With the success of "'71," Hollywood is clearly taking notice of Demange. He has recently become attached to two high-profile projects: He will work with producers Megan Ellison and John Lesher on the cop drama "The Seven Five," as well as an untitled story based on the 1992 L.A. riots for New Regency and Brad Pitt's Plan B, the team behind back-to-back Oscar winners "12 Years a Slave" and "Birdman."

Demange was born in Paris — his mother is French and his father Algerian — and his family moved to London when he was a boy. (An aunt, a nonactor, appeared in the landmark 1966 political drama "The Battle of Algiers.") He grew up on a diet of French films his mother's relatives would send over on videocassette — "Truffaut, Melville, a lot of the bad Belmondo movies," he recalled — and eventually he would start to tape over them with movies he also liked, the action thrillers of John Carpenter, American westerns.

When he was in his late teens, he was asked by a friend's sister to fill in as an assistant on a music video shoot on Ibiza because she knew he had a passport. He was soon attending Britain's National Film and Television School and then successfully moved into directing commercials and television, including the award-winning drama "Top Boy."

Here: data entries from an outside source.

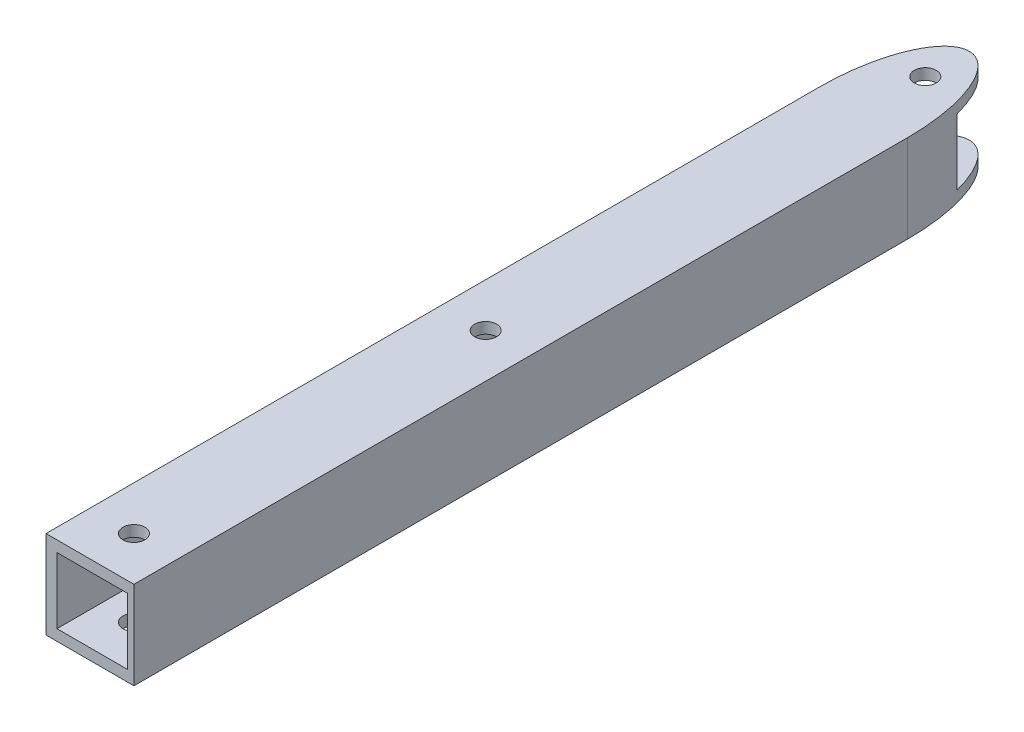
SolidWorks part; units mm, degrees
ref_plane "Front Plane" through (0, 0, 0) normal (0, 0, 1) x (1, 0, 0)
ref_plane "Top Plane" through (0, 0, 0) normal (0, 1, 0) x (1, 0, 0)
ref_plane "Right Plane" through (0, 0, 0) normal (1, 0, 0) x (0, 0, -1)
sketch "Sketch1" plane through (0, 0, 0) normal (0, 0, 1) x (1, 0, 0)
  line L1 (0, 0) -> (25.4, 0)
  line L2 (0, 0) -> (0, 25.4)
  line L3 (0, 25.4) -> (25.4, 25.4)
  line L4 (25.4, 0) -> (25.4, 25.4)
  dimension "D1" = 25.4
  dimension "D2" = 25.4
extrude "Boss-Extrude2" add sketch "Sketch1" along normal blind 254 contours L3 L4 L1 L2
sketch "Sketch2" plane through (0, 0, 0) normal (0, 0, -1) x (-1, 0, 0)
  line L0 (-23.4778, 22.225) -> (-3.175, 22.225)
  line L1 (-23.4778, 22.225) -> (-23.4778, 3.175)
  line L2 (-23.4778, 3.175) -> (-3.175, 3.175)
  line L3 (-3.175, 22.225) -> (-3.175, 3.175)
  line L4 (0, 0) -> (0, 25.4) construction
  line L5 (0, 0) -> (-25.4, 0) construction
  dimension "D1" = 3.175
  dimension "D2" = 3.175
extrude "Cut-Extrude1" cut sketch "Sketch2" against normal through all
sketch "Sketch3" plane through (0, 25.4, 0) normal (0, 1, 0) x (1, 0, 0)
  line L4 (0, 0) -> (25.4, 0) construction
  line L5 (12.7, 0) -> (25.4, 0)
  line L6 (25.4, 0) -> (25.4, -30.4659)
  line L7 (12.7, 0) -> (0, 0)
  line L8 (0, 0) -> (0, -30.4659)
  ellipse E0 centre (12.7, -30.4659) end of major axis (12.7, 0) minor radius 12.7 (25.4, -30.4659) -> (0, -30.4659) ccw
  line M2 (25.4, 0) -> (0, 0)
  line M3 (0, 0) -> (0, -254)
  line M5 (25.4, -254) -> (25.4, 0)
extrude "Cut-Extrude2" cut sketch "Sketch3" against normal through all contours E0 M2 M3 | E0 M5 M2 region at (2.8368, 25.4, 6.8051) region at (22.5632, 25.4, 6.8051)
sketch "Sketch4" plane through (0, 25.4, 0) normal (0, 1, 0) x (1, 0, 0)
  line L0 (25.4, -254) -> (0, -254)
  circle A1 centre (12.7, -139.7) radius 3.175
  dimension "D3" = 6.35
  dimension "D4" = 114.3
sketch "Sketch6" plane through (0, 25.4, 0) normal (0, 1, 0) x (1, 0, 0)
  line L0 (0, 0) -> (25.4, 0)
  circle A0 centre (12.7, -12.7) radius 3.175
  circle A1 centre (12.7, -1206.5) radius 3.175
  point P7 (12.7, 0)
  dimension "D2" = 6.35
  dimension "D3" = 12.7
  dimension "D4" = 6.35
  dimension "D5" = 1206.5
  dimension "D1" = 25.4
extrude "Cut-Extrude5" cut sketch "Sketch6" against normal through all contours A0
extrude "Cut-Extrude6" cut sketch "Sketch4" against normal through all contours A1
sketch "Sketch7" plane through (0, 25.4, 0) normal (0, 1, 0) x (1, 0, 0)
  line L0 (0, -254) -> (25.4, -254) construction
  circle A0 centre (12.7, -241.3) radius 3.175
  point P4 (12.7, -254)
  dimension "D1" = 12.7
extrude "Cut-Extrude7" cut sketch "Sketch7" against normal through all

The "'71" project began when Glasgow-based producer Angus Lamont took an idea for a chase film to Burke, best known for his play "Black Watch," about British soldiers in the Iraq war. The pair fashioned something they saw as a parallel to Mel Gibson's "Apocalypto," in its lean, elemental storytelling. The project eventually landed with Demange, who then worked on further developing the script.

Even while telling the story from Hook's point-of-view, the film manages to capture the complicated political situation of the Troubles without favoring one side over the other. Thrown into something he can't immediately comprehend, Hook is lost in more ways than one, such as in a startling sequence in which he is led to safety by a young boy.

"It had to remain balanced. It couldn't take sides," said Demange. "Who am I to take sides, for a start? I wouldn't have felt comfortable with it."

"The whole point was, and Yann would bang on about this, we just had to keep everybody human," said Burke. "We can't ever feel we're in the trap of making anybody the bad guy. Life is complex and full of gray areas. Everybody, in any situation, thinks they are doing the right thing."

As the project moved toward production, there was a realization that the necessary locations in Belfast were in scarce supply, as the revitalized city no longer had the inventory of period-appropriate buildings and spaces needed.


"If you want to be authentic to the look of Belfast in 1971, you couldn't do it in Belfast," said Lamont. "You had to find it somewhere else."

That meant the production actually shot in four cities in England — Liverpool, Blackburn, Sheffield and Leeds — with at least one chase scene in the film featuring shots from multiple cities. The apartment complex where the movie's finale takes place is meant to stand in for Belfast's notorious Divis Flats, contested ground during the Troubles that was knocked down in the 1980s. A similar-looking complex, now unoccupied, was found in Sheffield.

"Belfast in those days resembled a northern English mill town," said Burke. "We thought it would be a neat trick where you have a physical environment that has a familiarity to this young guy and yet the people are completely alien to him. They don't talk like him, they all look the same, they seem the same, but they're also completely different."

Though the mix of politics and action, emotional insight and adrenaline-rush excitement in "'71" seems cohesive in hindsight, it was at the start a risky proposition.

"It sounds incredibly naïve now to say it, but I never thought I was making an action film," said Demange. "I thought it was about kids growing up in conflict, I thought it was a chase film, many different things. It's not really an out-and-out art-house film, and it's not really an out-and-out multiplex film. If you had told me I was making an out-and-out action film, I'd have said of course not."